**Task requirements**
Each line of the records containing "none" is to be copied out and returned.
Start of Records provided
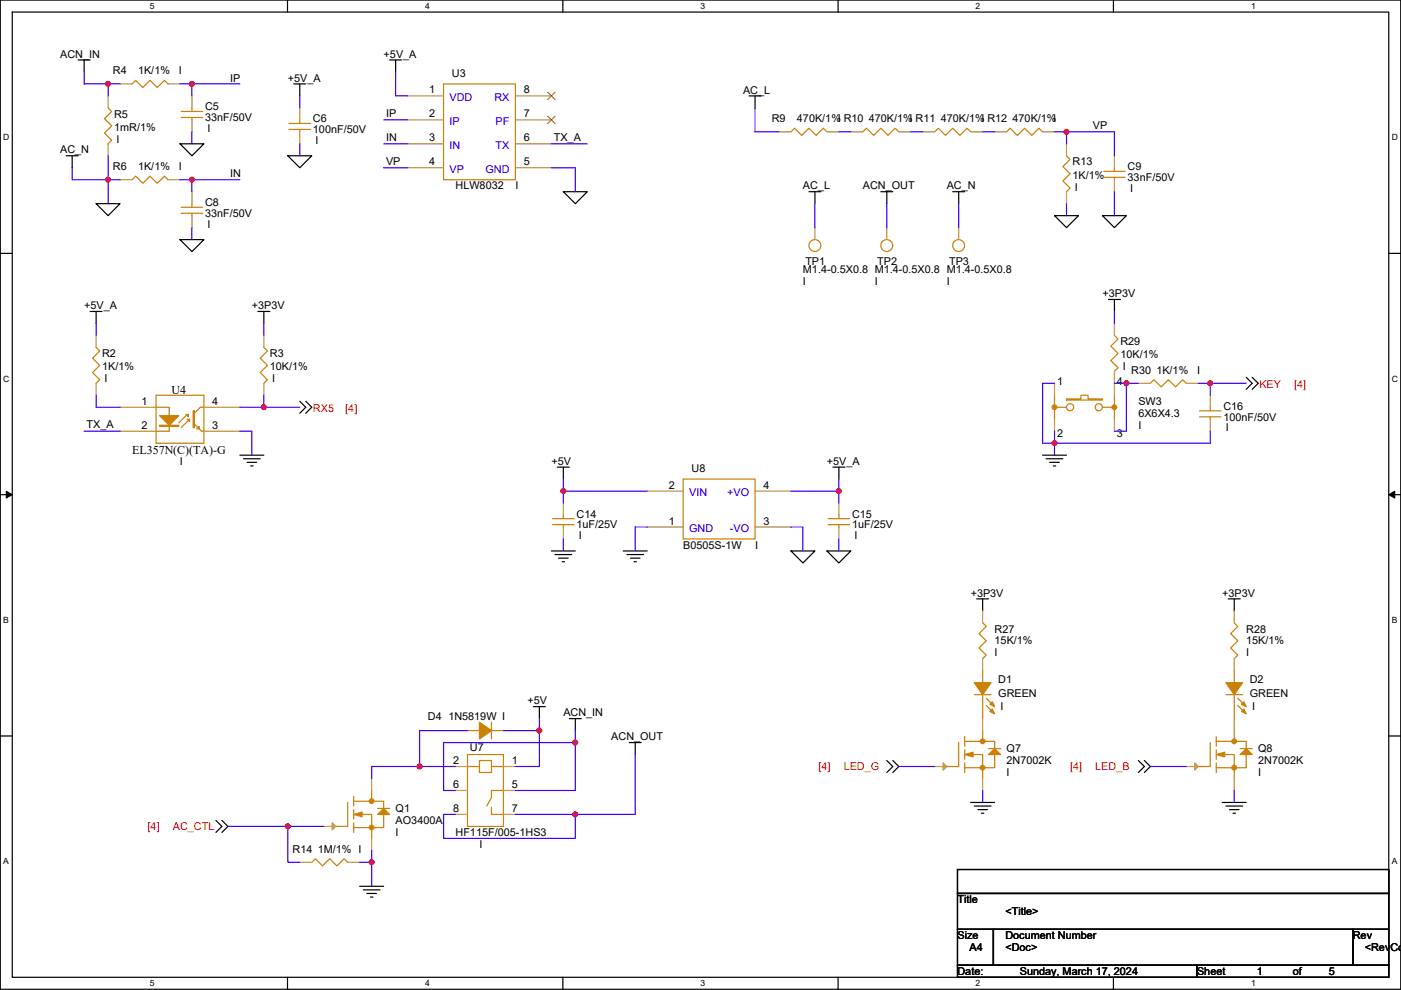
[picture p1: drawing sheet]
<svg xmlns="http://www.w3.org/2000/svg" width="297mm" height="210mm" viewBox="0 0 297 210" stroke-linecap="round" stroke-linejoin="round" font-family="sans-serif">
<path d="M.1 0h296.9v209.8h-296.9zM2.6 2.6h291.8v204.7h-291.8z" fill="none" stroke="#000" stroke-width=".25"/>
<g fill="#fff">
<path d="M31.8 .3h1v2h-1z"/>
<path d="M31.8 207.5h1v2.1h-1z"/>
</g>
<path d="M61 0v2.6M61 207.3v2.5" fill="none" stroke="#000" stroke-width=".25"/>
<g fill="#fff">
<path d="M90.1 .3h1v2h-1z"/>
<path d="M90.1 207.5h1v2.1h-1z"/>
</g>
<path d="M119.3 0v2.6M119.3 207.3v2.5" fill="none" stroke="#000" stroke-width=".25"/>
<g fill="#fff">
<path d="M148.5 .3h1v2h-1z"/>
<path d="M148.5 207.5h1v2.1h-1z"/>
</g>
<path d="M177.7 0v2.6M177.7 207.3v2.5" fill="none" stroke="#000" stroke-width=".25"/>
<g fill="#fff">
<path d="M206.9 .3h1v2h-1z"/>
<path d="M206.9 207.5h1v2.1h-1z"/>
</g>
<path d="M236.1 0v2.6M236.1 207.3v2.5" fill="none" stroke="#000" stroke-width=".25"/>
<g fill="#fff">
<path d="M265.2 .3h1v2h-1z"/>
<path d="M265.2 207.5h1v2.1h-1z"/>
<path d="M.7 28.2h1.3v2h-1.3z"/>
<path d="M295.1 28.2h1.3v2h-1.3z"/>
<path d="M.7 79.3h1.3v2.1h-1.3z"/>
<path d="M295.1 79.3h1.3v2.1h-1.3z"/>
</g>
<path d="M.1 53.7h2.5M294.4 53.7h2.6" fill="none" stroke="#000" stroke-width=".25"/>
<g fill="#fff">
<path d="M.7 130.5h1.2v2h-1.2z"/>
<path d="M295.1 130.5h1.2v2h-1.2z"/>
</g>
<path d="M.1 104.9h2.5M294.4 104.9h2.6" fill="none" stroke="#000" stroke-width=".25"/>
<path d="M1.3 104.2l1.3 .7-1.3 .7zM294.4 104.9l1.3-.7v1.4z" fill="#000" stroke="#000" stroke-width=".21"/>
<g fill="#fff">
<path d="M.7 181.7h1.2v2h-1.2z"/>
<path d="M295.1 181.7h1.2v2h-1.2z"/>
</g>
<g fill="none" stroke="#000" stroke-width=".25">
<path d="M16.6 12.7h2.5M17.8 12.7v2.6M62.3 17.8h2.5M63.6 17.8v2.5M82.6 12.7h2.6M83.9 12.7v2.6M14 33h2.6M15.3 33v2.6M38.2 30.5h5l-2.5 2.5zM61 33h5.1l-2.5 2.6zM158.8 20.3h2.6M160.1 20.3v2.6"/>
<path d="M20.4 43.2h5.1l-2.6 2.5zM38.2 50.8h5l-2.5 2.6zM119.4 40.7h5.1l-2.5 2.5zM171.5 40.7h2.6M172.8 40.7v2.5M186.8 40.7h2.5M188 40.7v2.5M202 40.7h2.5M203.3 40.7v2.5M223.6 45.7h5.1l-2.6 2.6zM233.7 45.7h5.1l-2.5 2.6zM19.1 66.1h2.6"/>
<path d="M20.4 66.1v2.5M54.7 66.1h2.5M55.9 66.1v2.5M235 63.5h2.5M236.3 63.5v2.6M50.9 96.5h5M51.6 97.3h3.6M52.4 98.1h2M53.1 98.8h.6M63.6 85.1l1.2 1.3-1.2 1.3M64.8 85.1l1.3 1.3-1.3 1.3M118.2 99.1h2.5"/>
<path d="M119.4 99.1v2.5M176.6 99.1h2.5M177.9 99.1v2.5M221 96.5h5.1M221.8 97.3h3.6M222.6 98.1h2M223.3 98.8h.5M264.2 80l1.3 1.3-1.3 1.3M265.5 80l1.3 1.3-1.3 1.3M116.9 116.9h5.1M117.7 117.6h3.5M118.4 118.4h2.1"/>
<path d="M119.2 119.1h.5M132.1 116.9h5.1M132.9 117.6h3.6M133.7 118.4h2M134.4 119.1h.5M167.7 116.9h5.1l-2.6 2.5zM175.3 116.9h5.1l-2.5 2.5zM207.1 127h2.5M208.3 127v2.6M260.4 127h2.5M261.7 127v2.6M.1 156.1h2.5"/>
<path d="M113.1 149.9h2.5M114.4 149.9v2.5M120.7 152.4h2.6M122 152.4v2.6M133.4 157.5h2.6M134.7 157.5v2.5M294.4 156.1h2.6M45.8 174l1.3 1.3-1.3 1.3M47.1 174l1.2 1.3-1.2 1.3M188 161.3l1.3 1.3-1.3 1.3M189.3 161.3l1.3 1.3-1.3 1.3M205.8 170.2h5.1"/>
<path d="M206.6 171h3.5M207.3 171.7h2.1M208.1 172.5h.5M241.4 161.3l1.2 1.3-1.2 1.3M242.6 161.3l1.3 1.3-1.3 1.3M259.1 170.2h5.1M259.9 171h3.6M260.7 171.7h2M261.4 172.5h.5M76.3 188h5M77 188.7h3.6M77.8 189.5h2"/>
<path d="M78.5 190.3h.6M203 184.4h91.4v5.1h-91.4zM203 189.5h91.4v7.6h-91.4zM203 197.1h7.6v7.6h-7.6zM210.6 197.1h76.2v7.6h-76.2zM286.8 197.1h7.6v7.6h-7.6zM203 204.7h50.8v2.6h-50.8zM253.8 204.7h40.6v2.6h-40.6z"/>
</g>
<g fill="none" stroke="#cc8006" stroke-width=".25">
<path d="M28 17.8l.8-.8 1.5 1.6 1.5-1.6 1.5 1.6 1.6-1.6 .7 .8M94 17.8h15.3v20.3h-15.3zM22.9 22.9l.8 .7-1.5 1.6 1.5 1.5-1.5 1.5 1.5 1.5-.8 .8M28 38.1l.8-.7 1.5 1.5 1.5-1.5 1.5 1.5 1.6-1.5 .7 .7M38.4 23.6h4.6M38.4 24.9h4.6M40.7 24.9v.5M40.7 22.9v.7M61.3 26.2h4.5M61.3 27.5h4.5M63.6 27.5v.5M63.6 25.4v.8"/>
<path d="M167.7 28l.8-.8 1.5 1.5 1.5-1.5 1.5 1.5 1.6-1.5 .7 .8M182.9 28l.8-.8 1.5 1.5 1.5-1.5 1.6 1.5 1.5-1.5 .8 .8M198.2 28l.7-.8 1.6 1.5 1.5-1.5 1.5 1.5 1.5-1.5 .8 .8M213.4 28l.8-.8 1.5 1.5 1.5-1.5 1.6 1.5 1.5-1.5 .7 .8M226.1 33l.8 .8-1.5 1.5 1.5 1.6-1.5 1.5 1.5 1.5-.8 .8M234 36.3h4.6M234 37.6h4.6M236.3 37.6v.5M236.3 35.6v.7M38.4 44h4.6M38.4 45.2h4.6M40.7 45.2v.5"/>
<path d="M40.7 43.2v.8M20.4 73.7l.7 .7-1.5 1.6 1.5 1.5-1.5 1.5 1.5 1.5-.7 .8M55.9 73.7l.8 .7-1.5 1.6 1.5 1.5-1.5 1.5 1.5 1.5-.8 .8M236.3 71.1l.7 .8-1.5 1.5 1.5 1.6-1.5 1.5 1.5 1.5-.7 .8M33.1 83.8h10.1v10.2h-10.1zM33.1 86.4h2.8v5.1h-2.8M39.4 88.2l-1.5 1.5M39.9 89.2l-1.5 1.5M41.2 89.9l1.5 1.6h.5M43.2 86.4h-.7l-1.3 1.3M223.6 83.8v5.1M223.6 86.4h2.5"/>
<path d="M226.1 84.6h3.1v-.8h1.5v.8h3v.3h-7.6zM233.7 86.4h2.6M236.3 83.8v5.1M243.9 81.3l.8-.8 1.5 1.6 1.5-1.6 1.5 1.6 1.6-1.6 .7 .8M254.3 87.1h4.6M254.3 88.4h4.6M256.6 88.4v.5M256.6 86.4v.7M117.2 110h4.5M117.2 111.3h4.5M119.4 111.3v.5M119.4 109.2v.8"/>
<path d="M144.8 101.6h15.3v12.7h-15.3zM175.6 110h4.5M175.6 111.3h4.5M177.9 111.3v.5M177.9 109.2v.8M208.3 132.1l.8 .8-1.5 1.5 1.5 1.5-1.5 1.5 1.5 1.6-.8 .7M261.7 132.1l.7 .8-1.5 1.5 1.5 1.5-1.5 1.5 1.5 1.6-.7 .7M99.1 155h2.6M104.2 153.2v3.5M104.2 155h2.5M203.3 157.5v5.1h-2.6M204.5 159v2.1"/>
<path d="M204.5 156.2v2.1M204.5 157.2h6.4v1.6M206.6 147.3h3.5M208.3 142.3v2.5M208.3 147.3v5.1M208.3 155v2.2M209.1 148.1l1.5 1.5M209.1 149.6l1.5 1.6M209.6 158.8h2.6M256.6 157.5v5.1h-2.5M257.9 157.2h6.3v1.6M257.9 159v2.1"/>
<path d="M257.9 156.2v2.1M259.9 147.3h3.6M261.7 155v2.2M261.7 142.3v2.5M261.7 147.3v5.1M262.4 148.1l1.6 1.5M262.4 149.6l1.6 1.6M262.9 158.8h2.6M73.7 170.2v5.1h-2.5M75 174.5v2.1M75 171.7v2.1M75 168.9v2.1"/>
<path d="M75 169.9h6.3v1.6M76.3 172.7h2.5v5.1M78.8 167.7v2.2M80.1 171.5h2.5M81.3 172.7v2.8h-6.3M99.1 162.6h2.6M99.1 160h7.6v15.3h-7.6zM101.7 161.3h2.5v2.6h-2.5zM104.2 171.2v1.5h2.5M104.2 162.6h2.5M106.7 167.7h-2.5v1.5l-1 1.8M204.5 161.8v2.1"/>
<path d="M205.8 160h2.5v5.1M210.9 160v2.8h-6.4M257.9 161.8v2.1M259.1 160h2.6v5.1M264.2 160v2.8h-6.3M66.1 182.9l.8-.8 1.5 1.6 1.5-1.6 1.5 1.6 1.6-1.6 .7 .8"/>
<circle cx="172.8" cy="52.1" r="1.26"/>
<circle cx="188" cy="52.1" r="1.26"/>
<circle cx="203.2" cy="52.1" r="1.26"/>
<circle cx="226.9" cy="86.4" r=".76"/>
<circle cx="233" cy="86.4" r=".76"/>
</g>
<g fill="none" stroke="#a84" stroke-width=".25">
<path d="M25.5 17.8h2.5M35.6 17.8h2.6M22.9 20.3v2.6M22.9 30.5v2.5M25.5 38.1h2.5M35.6 38.1h2.6M40.7 25.4v2.6M40.7 20.3v2.6M63.6 28v2.5M63.6 22.9v2.5M86.4 35.6h7.6M86.4 25.4h7.6"/>
<path d="M86.4 30.5h7.6M86.4 20.3h7.6M109.3 35.6h7.6M109.3 30.5h7.6M109.3 20.3h7.6M109.3 25.4h7.6M165.2 28h2.5M175.3 28h2.6M180.4 28h2.5M190.6 28h2.5M195.6 28h2.6M205.8 28h2.5"/>
<path d="M210.9 28h2.5M221 28h2.6M226.1 30.5v2.5M236.3 38.1v2.6M236.3 33v2.6M40.7 45.7v2.6M40.7 40.7v2.5M172.8 48.3v2.5M188 48.3v2.5M203.3 48.3v2.5M226.1 40.7v2.5M20.4 71.1v2.6"/>
<path d="M55.9 71.1v2.6M236.3 68.6v2.5M236.3 78.8v5M20.4 81.3v2.5M25.5 91.5h7.6M25.5 86.4h7.6M43.2 91.5h7.7M43.2 86.4h7.7M55.9 81.3v2.5M223.6 81.3v2.5M223.6 88.9v2.6M236.3 88.9v2.6"/>
<path d="M241.4 81.3h2.5M251.5 81.3h2.6M256.6 88.9v2.6M256.6 83.8v2.6M119.4 111.8v2.5M119.4 106.7v2.5M137.2 111.8h7.6M137.2 104.2h7.6M160.1 104.2h7.6M160.1 111.8h7.6M177.9 111.8v2.5M177.9 106.7v2.5"/>
<path d="M208.3 129.6v2.5M208.3 139.7v2.6M261.7 129.6v2.5M261.7 139.7v2.6M99.1 155h.1M106.7 155h.1M208.3 142.3h.1M208.3 152.4h.1M208.3 152.4v2.6M261.7 152.4v2.6M261.7 142.3h.1M261.7 152.4h.1"/>
<path d="M68.6 175.3h2.6M78.8 165.1v2.6M78.8 177.8v2.6M96.6 162.6h2.5M96.6 167.7h2.5M96.6 172.7h2.5M106.7 162.6h2.6M106.7 167.7h2.6M106.7 172.7h2.6M198.2 162.6h2.5M208.3 165.1v2.6M251.5 162.6h2.6"/>
<path d="M261.7 165.1v2.6M63.6 182.9h2.5M73.7 182.9h2.6"/>
</g>
<g fill="#cc8006" stroke="#cc8006" stroke-width=".25">
<path d="M39.7 88.9h.5v.5z"/>
<path d="M39.4 87.9h.5v.5z"/>
<path d="M33.8 88.2h4.1l-2 2z"/>
<path d="M41.7 91l.5-.6v.6z"/>
<path d="M264.2 158.8l1.3 1.2h-2.6z" fill-rule="evenodd"/>
<path d="M257.9 160l1.7-.5v1z" fill-rule="evenodd"/>
<path d="M41 87.1v3.6h.2v-3.6z" fill-rule="evenodd"/>
<path d="M33.8 90.2h4.1v.2h-4.1z" fill-rule="evenodd"/>
<path d="M206.6 144.8h3.5l-1.8 2.5z" fill-rule="evenodd"/>
<path d="M210.4 150.4l.5 1-1-.5z" fill-rule="evenodd"/>
<path d="M210.4 148.9l.5 1-1-.5z" fill-rule="evenodd"/>
<path d="M210.9 158.8l1.3 1.2h-2.6z" fill-rule="evenodd"/>
<path d="M204.5 160l1.8-.5v1z" fill-rule="evenodd"/>
<path d="M101.7 153.2l2.5 1.8-2.5 1.7z" fill-rule="evenodd"/>
<path d="M259.9 144.8h3.6l-1.8 2.5z" fill-rule="evenodd"/>
<path d="M263.7 150.4l.5 1-1-.5z" fill-rule="evenodd"/>
<path d="M263.7 148.9l.5 1-1-.5z" fill-rule="evenodd"/>
<path d="M81.3 171.5l1.3 1.2h-2.5z" fill-rule="evenodd"/>
<path d="M75 172.7l1.8-.5v1z" fill-rule="evenodd"/>
<circle cx="261.7" cy="157.2" r=".5"/>
<circle cx="261.7" cy="162.8" r=".5"/>
<circle cx="236.3" cy="86.4" r=".5"/>
<circle cx="223.6" cy="86.4" r=".5"/>
<circle cx="208.3" cy="157.2" r=".5"/>
<circle cx="208.3" cy="162.8" r=".5"/>
<circle cx="78.8" cy="169.9" r=".5"/>
<circle cx="78.8" cy="175.5" r=".5"/>
</g>
<g fill="#a84" stroke="#a84" stroke-width=".25">
<path d="M253.3 161.8l.8 .8-.8 .7z"/>
<path d="M200 161.8l.7 .8-.7 .7z"/>
<path d="M70.4 174.5l.8 .8-.8 .7z"/>
</g>
<path d="M116.1 19.6l1.6 1.5M117.7 19.6l-1.6 1.5M116.1 24.7l1.6 1.5M117.7 24.7l-1.6 1.5" fill="none" stroke="#804000" stroke-width=".21"/>
<g fill="none" stroke="#4200ff" stroke-width=".25">
<path d="M17.8 15.3v2.5h5.1M22.9 17.8v2.5M22.9 17.8h2.6M38.2 17.8h2.5M40.7 17.8v2.5M40.7 17.8h10.2M83.9 15.3v5h2.5M15.3 35.6v2.5h7.6M22.9 38.1h2.6M22.9 33v5.1M22.9 38.1v5.1M38.2 38.1h2.5"/>
<path d="M40.7 28v2.5M40.7 38.1v2.6M40.7 38.1h10.2M63.6 20.3v2.6M63.6 30.5v2.5M81.3 25.4h5.1M81.3 30.5h5.1M81.3 35.6h5.1M116.9 35.6h5.1v5.1M116.9 30.5h7.6M160.1 22.9v5.1h5.1M177.9 28h2.5"/>
<path d="M193.1 28h2.5M208.3 28h2.6M223.6 28h2.5M226.1 28h10.2v5M226.1 28v2.5M40.7 48.3v2.5M172.8 43.2v5.1M188 43.2v5.1M203.3 43.2v5.1M226.1 43.2v2.5M236.3 40.7v5M20.4 68.6v2.5"/>
<path d="M55.9 68.6v2.5M236.3 66.1v2.5M17.8 91.5h7.7M20.4 83.8v2.6h5.1M50.9 91.5h2.5v5M50.9 86.4h5M55.9 83.8v2.6M55.9 86.4h7.7M223.6 94v2.5M223.6 91.5v2.5M223.6 81.3h-2.6v12.7h2.6M236.3 81.3h2.5"/>
<path d="M238.8 81.3v10.2h-2.5M238.8 81.3h2.6M254.1 81.3h2.5M256.6 81.3h7.6M256.6 91.5v2.5h-33M256.6 81.3v2.5M119.4 104.2h17.8M119.4 104.2v2.5M119.4 114.3v2.6M119.4 101.6v2.6M137.2 111.8h-2.5v5.1M167.7 104.2h10.2"/>
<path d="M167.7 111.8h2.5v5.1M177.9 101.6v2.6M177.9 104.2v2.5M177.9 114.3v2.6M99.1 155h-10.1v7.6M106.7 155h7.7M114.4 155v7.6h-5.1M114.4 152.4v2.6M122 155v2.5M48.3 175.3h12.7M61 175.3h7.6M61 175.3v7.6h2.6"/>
End of Records provided
**Problem solution**
<path d="M.1 0h296.9v209.8h-296.9zM2.6 2.6h291.8v204.7h-291.8z" fill="none" stroke="#000" stroke-width=".25"/>
<path d="M61 0v2.6M61 207.3v2.5" fill="none" stroke="#000" stroke-width=".25"/>
<path d="M119.3 0v2.6M119.3 207.3v2.5" fill="none" stroke="#000" stroke-width=".25"/>
<path d="M177.7 0v2.6M177.7 207.3v2.5" fill="none" stroke="#000" stroke-width=".25"/>
<path d="M236.1 0v2.6M236.1 207.3v2.5" fill="none" stroke="#000" stroke-width=".25"/>
<path d="M.1 53.7h2.5M294.4 53.7h2.6" fill="none" stroke="#000" stroke-width=".25"/>
<path d="M.1 104.9h2.5M294.4 104.9h2.6" fill="none" stroke="#000" stroke-width=".25"/>
<g fill="none" stroke="#000" stroke-width=".25">
<g fill="none" stroke="#cc8006" stroke-width=".25">
<g fill="none" stroke="#a84" stroke-width=".25">
<path d="M116.1 19.6l1.6 1.5M117.7 19.6l-1.6 1.5M116.1 24.7l1.6 1.5M117.7 24.7l-1.6 1.5" fill="none" stroke="#804000" stroke-width=".21"/>
<g fill="none" stroke="#4200ff" stroke-width=".25">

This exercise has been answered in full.